Gorgophone

From Wikipedia, the free encyclopedia

In Greek mythology, Gorgophone was a daughter of Perseus and Andromeda.

Her name means "Gorgon Slayer", a tribute to her father who killed Medusa, the mortal Gorgon. Gorgophone is a central figure in the history of Sparta, having been married to two kings, Oebalus of Sparta (actually Lakonia, Sparta's region) and Perieres of Messenia, the region to the west of Lakonia which Sparta, in the late 8th or early 7th century B.C. enslaved. She was of Lelege descent, the Leleges being a people of Asia Minor who settled in Lakonia.
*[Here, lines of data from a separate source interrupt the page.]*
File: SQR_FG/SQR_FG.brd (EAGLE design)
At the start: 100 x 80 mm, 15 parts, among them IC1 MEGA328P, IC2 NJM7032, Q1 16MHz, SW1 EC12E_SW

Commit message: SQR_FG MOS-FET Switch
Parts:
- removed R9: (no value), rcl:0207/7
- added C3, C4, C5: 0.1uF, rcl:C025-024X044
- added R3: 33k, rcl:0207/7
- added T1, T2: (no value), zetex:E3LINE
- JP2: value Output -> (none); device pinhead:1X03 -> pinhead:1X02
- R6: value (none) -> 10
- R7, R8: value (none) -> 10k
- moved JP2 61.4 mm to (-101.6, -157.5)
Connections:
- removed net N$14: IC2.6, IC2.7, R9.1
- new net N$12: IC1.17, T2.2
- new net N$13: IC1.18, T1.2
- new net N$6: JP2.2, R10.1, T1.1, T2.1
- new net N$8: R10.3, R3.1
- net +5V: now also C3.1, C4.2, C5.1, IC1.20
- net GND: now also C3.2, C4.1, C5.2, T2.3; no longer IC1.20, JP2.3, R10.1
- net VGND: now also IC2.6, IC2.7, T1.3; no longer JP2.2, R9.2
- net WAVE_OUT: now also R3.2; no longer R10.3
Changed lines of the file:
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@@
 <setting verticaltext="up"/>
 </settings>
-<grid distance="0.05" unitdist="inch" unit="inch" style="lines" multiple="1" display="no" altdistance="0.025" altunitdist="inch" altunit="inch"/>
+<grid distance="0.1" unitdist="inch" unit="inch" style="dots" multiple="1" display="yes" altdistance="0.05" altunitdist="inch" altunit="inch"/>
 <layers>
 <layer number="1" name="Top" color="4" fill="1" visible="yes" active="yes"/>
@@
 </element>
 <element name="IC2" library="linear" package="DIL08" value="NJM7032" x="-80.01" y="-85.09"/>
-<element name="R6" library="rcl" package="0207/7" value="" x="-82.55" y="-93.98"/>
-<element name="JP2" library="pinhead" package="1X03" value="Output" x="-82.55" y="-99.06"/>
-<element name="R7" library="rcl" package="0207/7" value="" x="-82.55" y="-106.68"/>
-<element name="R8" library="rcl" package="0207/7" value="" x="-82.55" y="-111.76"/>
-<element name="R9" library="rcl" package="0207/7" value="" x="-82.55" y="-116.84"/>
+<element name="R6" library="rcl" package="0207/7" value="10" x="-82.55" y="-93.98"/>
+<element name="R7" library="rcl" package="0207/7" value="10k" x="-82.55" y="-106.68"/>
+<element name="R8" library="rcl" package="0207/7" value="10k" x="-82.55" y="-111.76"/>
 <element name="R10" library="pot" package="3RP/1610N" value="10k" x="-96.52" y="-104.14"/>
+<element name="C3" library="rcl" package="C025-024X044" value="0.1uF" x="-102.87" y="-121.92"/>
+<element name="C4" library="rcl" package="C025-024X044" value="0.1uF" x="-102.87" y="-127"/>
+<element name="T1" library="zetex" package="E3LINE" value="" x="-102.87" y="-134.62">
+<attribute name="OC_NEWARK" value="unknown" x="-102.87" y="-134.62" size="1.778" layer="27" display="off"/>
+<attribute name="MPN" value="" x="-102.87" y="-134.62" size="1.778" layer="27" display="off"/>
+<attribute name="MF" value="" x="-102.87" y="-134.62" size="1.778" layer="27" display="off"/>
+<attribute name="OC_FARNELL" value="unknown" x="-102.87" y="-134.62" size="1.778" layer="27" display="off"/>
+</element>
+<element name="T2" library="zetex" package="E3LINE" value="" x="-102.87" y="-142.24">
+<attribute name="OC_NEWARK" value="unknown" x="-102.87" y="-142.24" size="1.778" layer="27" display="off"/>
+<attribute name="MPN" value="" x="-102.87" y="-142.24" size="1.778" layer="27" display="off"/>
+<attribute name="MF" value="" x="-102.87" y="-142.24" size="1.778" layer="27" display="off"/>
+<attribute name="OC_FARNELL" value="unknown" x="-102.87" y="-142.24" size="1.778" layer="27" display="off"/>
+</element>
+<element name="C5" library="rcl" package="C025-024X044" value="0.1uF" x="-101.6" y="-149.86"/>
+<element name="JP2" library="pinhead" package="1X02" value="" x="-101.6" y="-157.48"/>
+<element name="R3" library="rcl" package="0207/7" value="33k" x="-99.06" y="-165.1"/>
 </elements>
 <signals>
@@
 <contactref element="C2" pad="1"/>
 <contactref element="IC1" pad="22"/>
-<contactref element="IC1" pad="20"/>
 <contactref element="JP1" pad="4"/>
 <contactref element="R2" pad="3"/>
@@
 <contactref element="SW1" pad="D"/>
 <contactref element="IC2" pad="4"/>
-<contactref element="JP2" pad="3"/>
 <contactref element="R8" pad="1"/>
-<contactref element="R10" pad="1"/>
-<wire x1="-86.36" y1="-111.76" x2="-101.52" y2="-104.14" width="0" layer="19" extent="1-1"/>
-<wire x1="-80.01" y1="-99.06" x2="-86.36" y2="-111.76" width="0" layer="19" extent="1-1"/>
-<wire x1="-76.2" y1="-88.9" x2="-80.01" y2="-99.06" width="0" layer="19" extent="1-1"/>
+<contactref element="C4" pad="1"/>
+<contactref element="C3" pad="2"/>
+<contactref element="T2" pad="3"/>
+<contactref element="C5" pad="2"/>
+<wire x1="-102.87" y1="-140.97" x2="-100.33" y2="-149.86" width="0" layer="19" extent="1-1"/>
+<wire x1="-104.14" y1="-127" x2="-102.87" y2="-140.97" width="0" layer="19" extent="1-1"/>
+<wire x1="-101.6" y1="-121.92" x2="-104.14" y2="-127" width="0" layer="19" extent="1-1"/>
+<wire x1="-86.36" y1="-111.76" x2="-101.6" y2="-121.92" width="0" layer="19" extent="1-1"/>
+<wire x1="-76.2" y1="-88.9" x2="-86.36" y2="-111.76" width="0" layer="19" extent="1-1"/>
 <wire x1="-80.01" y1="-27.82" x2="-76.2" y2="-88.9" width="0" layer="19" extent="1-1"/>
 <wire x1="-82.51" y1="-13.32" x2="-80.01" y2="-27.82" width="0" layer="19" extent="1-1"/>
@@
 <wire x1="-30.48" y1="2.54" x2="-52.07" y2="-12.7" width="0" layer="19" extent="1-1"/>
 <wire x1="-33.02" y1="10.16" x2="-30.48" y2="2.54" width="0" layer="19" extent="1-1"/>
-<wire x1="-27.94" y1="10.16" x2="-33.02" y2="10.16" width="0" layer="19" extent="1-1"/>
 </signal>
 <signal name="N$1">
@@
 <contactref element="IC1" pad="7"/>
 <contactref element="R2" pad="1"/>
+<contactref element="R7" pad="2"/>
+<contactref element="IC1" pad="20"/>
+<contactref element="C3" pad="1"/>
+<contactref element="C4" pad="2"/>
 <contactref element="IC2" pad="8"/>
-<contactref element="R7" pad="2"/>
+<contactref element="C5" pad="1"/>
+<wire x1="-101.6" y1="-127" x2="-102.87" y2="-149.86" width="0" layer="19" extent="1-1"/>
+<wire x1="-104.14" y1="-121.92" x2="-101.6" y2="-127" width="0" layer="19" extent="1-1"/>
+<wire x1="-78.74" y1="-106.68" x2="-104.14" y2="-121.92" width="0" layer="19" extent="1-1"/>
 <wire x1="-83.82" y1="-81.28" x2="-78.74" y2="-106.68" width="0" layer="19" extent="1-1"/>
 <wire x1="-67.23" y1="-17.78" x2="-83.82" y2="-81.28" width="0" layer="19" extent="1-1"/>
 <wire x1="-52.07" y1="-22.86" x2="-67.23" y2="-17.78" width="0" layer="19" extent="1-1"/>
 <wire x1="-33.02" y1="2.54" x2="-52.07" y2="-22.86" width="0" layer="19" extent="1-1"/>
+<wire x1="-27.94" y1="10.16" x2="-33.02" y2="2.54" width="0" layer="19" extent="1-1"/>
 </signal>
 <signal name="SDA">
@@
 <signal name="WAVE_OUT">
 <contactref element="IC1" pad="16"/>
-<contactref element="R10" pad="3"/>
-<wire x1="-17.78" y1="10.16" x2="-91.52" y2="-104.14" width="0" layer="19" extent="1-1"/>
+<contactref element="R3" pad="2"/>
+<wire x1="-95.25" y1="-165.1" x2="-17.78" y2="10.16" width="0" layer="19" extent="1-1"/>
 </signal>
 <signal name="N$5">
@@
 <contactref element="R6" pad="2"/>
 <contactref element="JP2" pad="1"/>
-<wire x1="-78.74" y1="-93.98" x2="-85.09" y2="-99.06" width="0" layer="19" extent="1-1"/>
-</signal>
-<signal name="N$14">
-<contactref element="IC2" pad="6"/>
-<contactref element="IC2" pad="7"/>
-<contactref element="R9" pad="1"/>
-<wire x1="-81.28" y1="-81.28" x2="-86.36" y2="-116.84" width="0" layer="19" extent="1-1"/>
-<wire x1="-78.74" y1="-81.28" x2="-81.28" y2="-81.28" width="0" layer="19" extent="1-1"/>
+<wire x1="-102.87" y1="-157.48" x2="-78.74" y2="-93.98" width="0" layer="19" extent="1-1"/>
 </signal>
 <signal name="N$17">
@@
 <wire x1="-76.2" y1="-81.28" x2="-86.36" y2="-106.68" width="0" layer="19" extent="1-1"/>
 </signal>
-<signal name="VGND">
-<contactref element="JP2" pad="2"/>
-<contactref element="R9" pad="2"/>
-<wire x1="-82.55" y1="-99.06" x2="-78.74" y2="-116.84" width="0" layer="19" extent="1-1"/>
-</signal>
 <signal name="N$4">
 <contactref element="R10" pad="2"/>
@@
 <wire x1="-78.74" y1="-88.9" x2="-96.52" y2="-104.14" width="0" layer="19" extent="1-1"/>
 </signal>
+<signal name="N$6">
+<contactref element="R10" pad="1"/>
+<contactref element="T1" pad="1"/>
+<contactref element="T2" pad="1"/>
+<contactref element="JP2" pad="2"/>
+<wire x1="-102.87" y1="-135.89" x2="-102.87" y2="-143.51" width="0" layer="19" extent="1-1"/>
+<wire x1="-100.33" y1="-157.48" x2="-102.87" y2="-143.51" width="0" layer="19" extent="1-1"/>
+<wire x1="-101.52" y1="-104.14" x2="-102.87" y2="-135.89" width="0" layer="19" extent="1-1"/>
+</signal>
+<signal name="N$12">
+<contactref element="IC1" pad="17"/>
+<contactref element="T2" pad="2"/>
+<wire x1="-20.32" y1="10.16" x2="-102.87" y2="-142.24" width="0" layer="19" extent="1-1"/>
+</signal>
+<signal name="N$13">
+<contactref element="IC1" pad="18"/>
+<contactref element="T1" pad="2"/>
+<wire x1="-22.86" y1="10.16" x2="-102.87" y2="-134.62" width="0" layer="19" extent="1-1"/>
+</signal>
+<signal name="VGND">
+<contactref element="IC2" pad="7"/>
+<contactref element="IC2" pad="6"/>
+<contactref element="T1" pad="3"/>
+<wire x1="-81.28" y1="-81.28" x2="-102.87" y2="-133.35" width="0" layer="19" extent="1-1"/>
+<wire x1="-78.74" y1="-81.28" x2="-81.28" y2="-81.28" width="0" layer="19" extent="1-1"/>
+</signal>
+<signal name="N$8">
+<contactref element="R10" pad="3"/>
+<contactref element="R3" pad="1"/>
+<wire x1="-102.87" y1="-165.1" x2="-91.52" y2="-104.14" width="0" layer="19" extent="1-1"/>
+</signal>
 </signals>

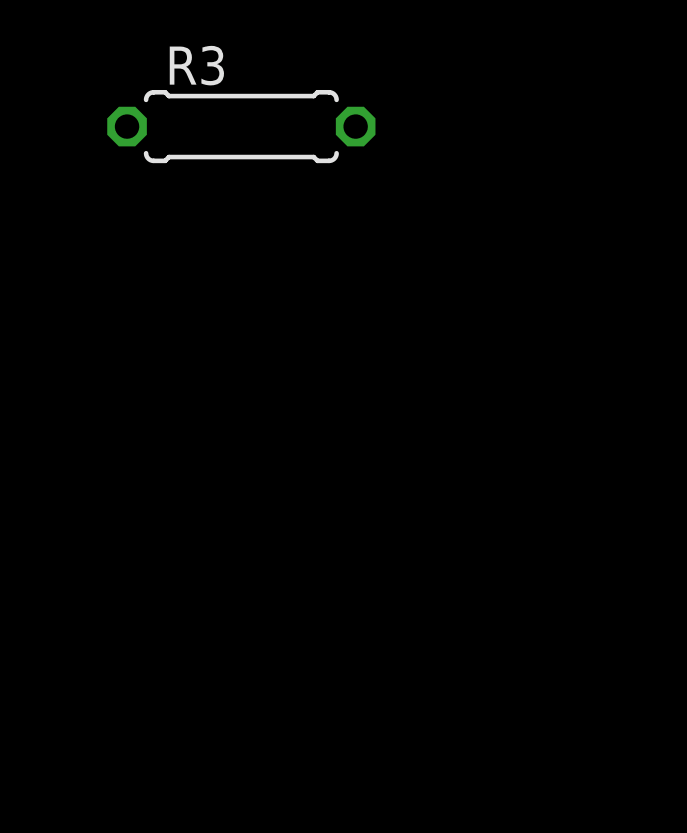
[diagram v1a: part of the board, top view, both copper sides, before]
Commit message: SQR_FG Add 2nd VCVS LPF
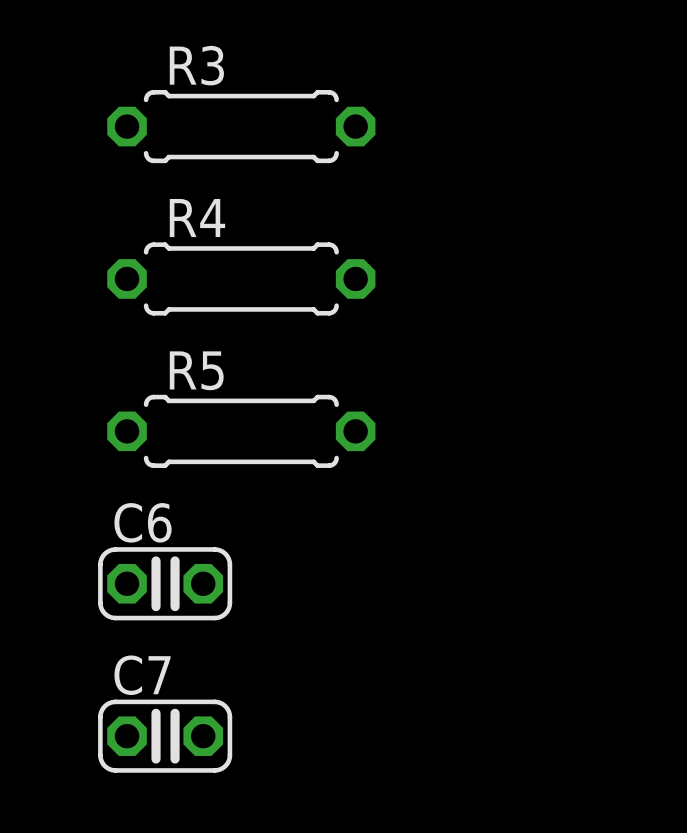
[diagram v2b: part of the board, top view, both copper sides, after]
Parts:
- added C6, C7: (no value), rcl:C025-024X044
- added R4, R5: (no value), rcl:0207/7
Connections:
- new net N$14: C6.2, IC2.3, R4.2
- new net N$15: R5.1
- net GND: now also C6.1
- net N$16: now also C7.2
- net N$4: now also C7.1, R4.1, R5.2; no longer IC2.3, R10.2
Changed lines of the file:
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@@
 <element name="JP2" library="pinhead" package="1X02" value="" x="-101.6" y="-157.48"/>
 <element name="R3" library="rcl" package="0207/7" value="33k" x="-99.06" y="-165.1"/>
+<element name="R4" library="rcl" package="0207/7" value="" x="-99.06" y="-170.18"/>
+<element name="R5" library="rcl" package="0207/7" value="" x="-99.06" y="-175.26"/>
+<element name="C6" library="rcl" package="C025-024X044" value="" x="-101.6" y="-180.34"/>
+<element name="C7" library="rcl" package="C025-024X044" value="" x="-101.6" y="-185.42"/>
 </elements>
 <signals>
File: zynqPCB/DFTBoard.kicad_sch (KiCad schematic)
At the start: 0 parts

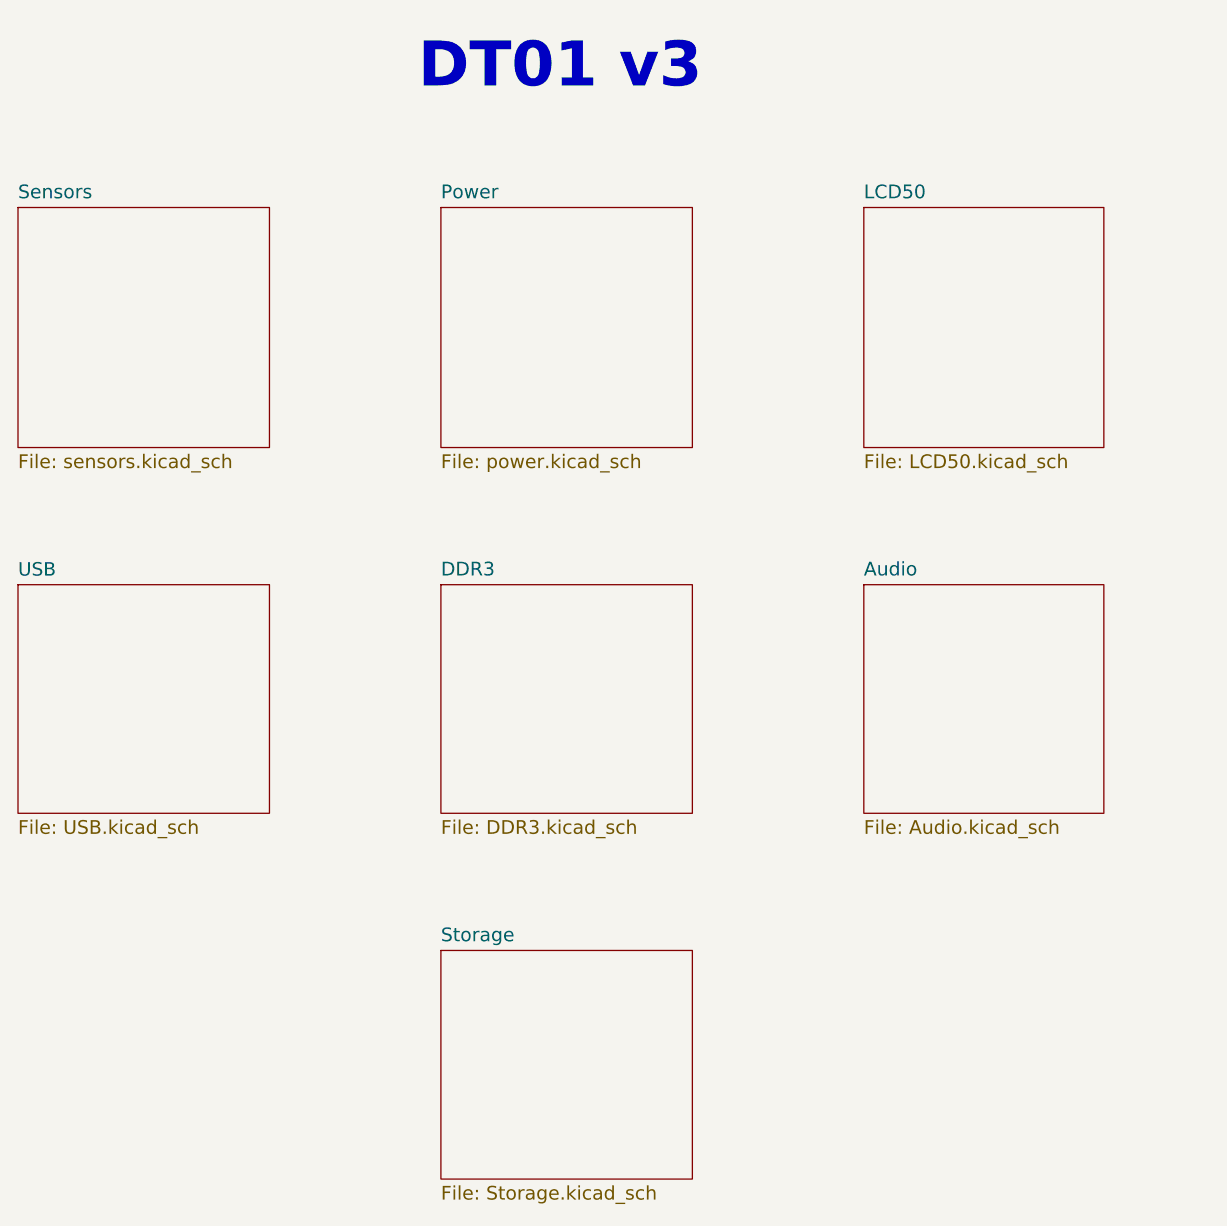
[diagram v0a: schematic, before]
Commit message: Sensores Removed
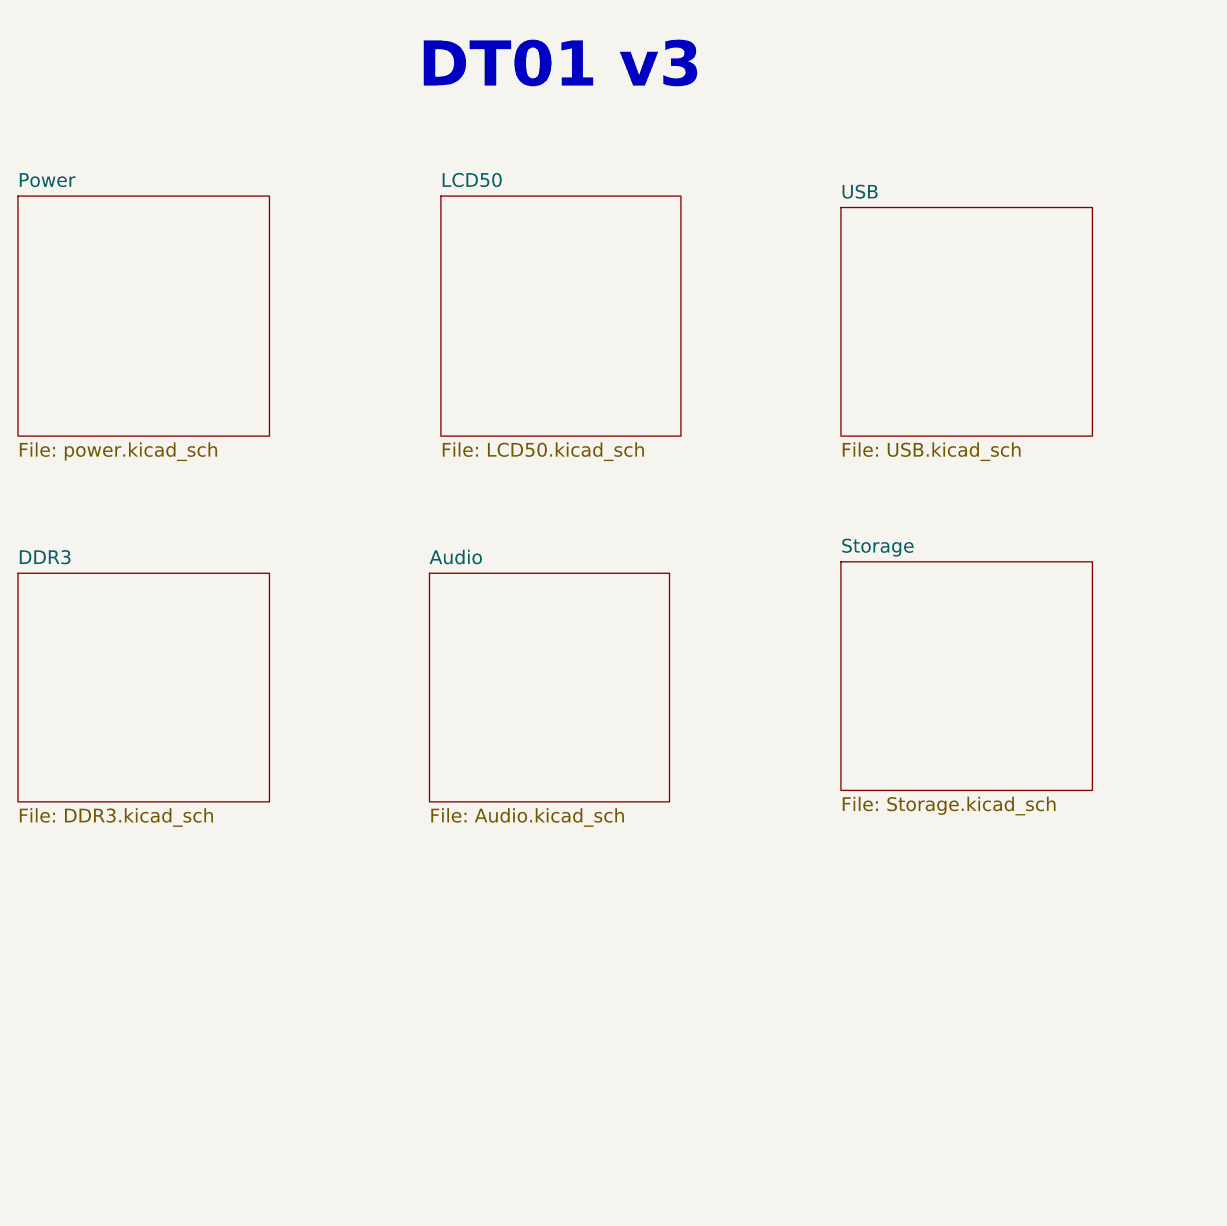
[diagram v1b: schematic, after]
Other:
- removed sheet Sensors
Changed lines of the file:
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@@
 	)
 	(sheet
-		(at 137.16 52.07)
+		(at 90.17 50.8)
 		(size 27.94 26.67)
 		(exclude_from_sim no)
@@
 		)
 		(property "Sheetname" "Power"
-			(at 137.16 51.2314 0)
+			(at 90.17 49.9614 0)
 			(effects
 				(font
@@
 		)
 		(property "Sheetfile" "power.kicad_sch"
-			(at 137.16 79.4262 0)
+			(at 90.17 78.1562 0)
 			(effects
 				(font
@@
 	)
 	(sheet
-		(at 184.15 93.98)
+		(at 135.89 92.71)
 		(size 26.67 25.4)
 		(exclude_from_sim no)
@@
 		)
 		(property "Sheetname" "Audio"
-			(at 184.15 93.1414 0)
+			(at 135.89 91.8714 0)
 			(effects
 				(font
@@
 		)
 		(property "Sheetfile" "Audio.kicad_sch"
-			(at 184.15 120.0662 0)
+			(at 135.89 118.7962 0)
 			(effects
 				(font
@@
 	)
 	(sheet
-		(at 90.17 93.98)
+		(at 181.61 52.07)
 		(size 27.94 25.4)
 		(exclude_from_sim no)
@@
 		)
 		(property "Sheetname" "USB"
-			(at 90.17 93.1541 0)
+			(at 181.61 51.2441 0)
 			(effects
 				(font
@@
 		)
 		(property "Sheetfile" "USB.kicad_sch"
-			(at 90.17 120.0662 0)
+			(at 181.61 78.1562 0)
 			(effects
 				(font
@@
 	)
 	(sheet
-		(at 90.17 52.07)
-		(size 27.94 26.67)
-		(exclude_from_sim no)
-		(in_bom yes)
-		(on_board yes)
-		(dnp no)
-		(fields_autoplaced yes)
-		(stroke
-			(width 0)
-			(type solid)
-		)
-		(fill
-			(color 0 0 0 0.0000)
-		)
-		(property "Sheetname" "Sensors"
-			(at 90.17 51.2314 0)
-			(effects
-				(font
-					(size 1.524 1.524)
-				)
-				(justify left bottom)
-			)
-		)
-		(property "Sheetfile" "sensors.kicad_sch"
-			(at 90.17 79.4262 0)
-			(effects
-				(font
-					(size 1.524 1.524)
-				)
-				(justify left top)
-			)
-		)
-		(instances
-			(project "DFTBoard"
-				(path "/49eba173-d38c-4d05-b21c-b4a14c4948c2"
-					(page "2")
-				)
-			)
-		)
-	)
-	(sheet
-		(at 137.16 93.98)
+		(at 90.17 92.71)
 		(size 27.94 25.4)
 		(exclude_from_sim no)
@@
 		)
 		(property "Sheetname" "DDR3"
-			(at 137.16 93.1414 0)
+			(at 90.17 91.8714 0)
 			(effects
 				(font
@@
 		)
 		(property "Sheetfile" "DDR3.kicad_sch"
-			(at 137.16 120.0662 0)
+			(at 90.17 118.7962 0)
 			(effects
 				(font
@@
 	)
 	(sheet
-		(at 184.15 52.07)
+		(at 137.16 50.8)
 		(size 26.67 26.67)
 		(exclude_from_sim no)
@@
 		)
 		(property "Sheetname" "LCD50"
-			(at 184.15 51.2314 0)
+			(at 137.16 49.9614 0)
 			(effects
 				(font
@@
 		)
 		(property "Sheetfile" "LCD50.kicad_sch"
-			(at 184.15 79.4262 0)
+			(at 137.16 78.1562 0)
 			(effects
 				(font
@@
 	)
 	(sheet
-		(at 137.16 134.62)
+		(at 181.61 91.44)
 		(size 27.94 25.4)
 		(exclude_from_sim no)
@@
 		)
 		(property "Sheetname" "Storage"
-			(at 137.16 133.7814 0)
+			(at 181.61 90.6014 0)
 			(effects
 				(font
@@
 		)
 		(property "Sheetfile" "Storage.kicad_sch"
-			(at 137.16 160.7062 0)
-			(effects
-				(font
+			(at 181.61 117.5262 0)
+			(effects
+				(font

One of the sons of Oibalos and Gorgophone was Tundareus, father of Helen of Troy, Clytemnestra, Castor, and Pollux, and another was Ikarios, father of Odysseus's wife, Penelope. Thus Perseus's descendants played a central role in the Homeric epics and the pre-history of Greece, however we choose to understand the figure of Perseus himself. The most famous historical Spartan woman derived her name from Gorgophone, that is, Gorgo, the daughter of the great Spartan king Cleomenes. Gorgo was born about 507 B.C. After her father's rather awful death she married his brother, Leonidas, who became king and was the hero of the battle of Thermopylae in 480 B.C. Like her namesake Gorgophone, Gorgo remarried another Spartan king, and spawned yet another. Gorgo herself was renowned in Spartan legend, and it is curious that she bore the name that was so closely identified with the legendary Perseus and his daughter, who, if they really lived, pre-dated Gorgo by over seven centuries. Chief sources for Gorgophone are Pausanias, books 2 and 4, and Apollodorus, Books 1 and 3. Plutarch's works contain a good deal on Gorgo, and she appears in a couple of Herodotus's anecdotes that emphasize her close ties with her father and his trust in her acuity of judgement.

Her first husband was Perieres, with whom she had two sons: Leucippus and Aphareus. Her second was Oebalus, with whom she was the mother of Hippocoon, Tyndareus and Icarius.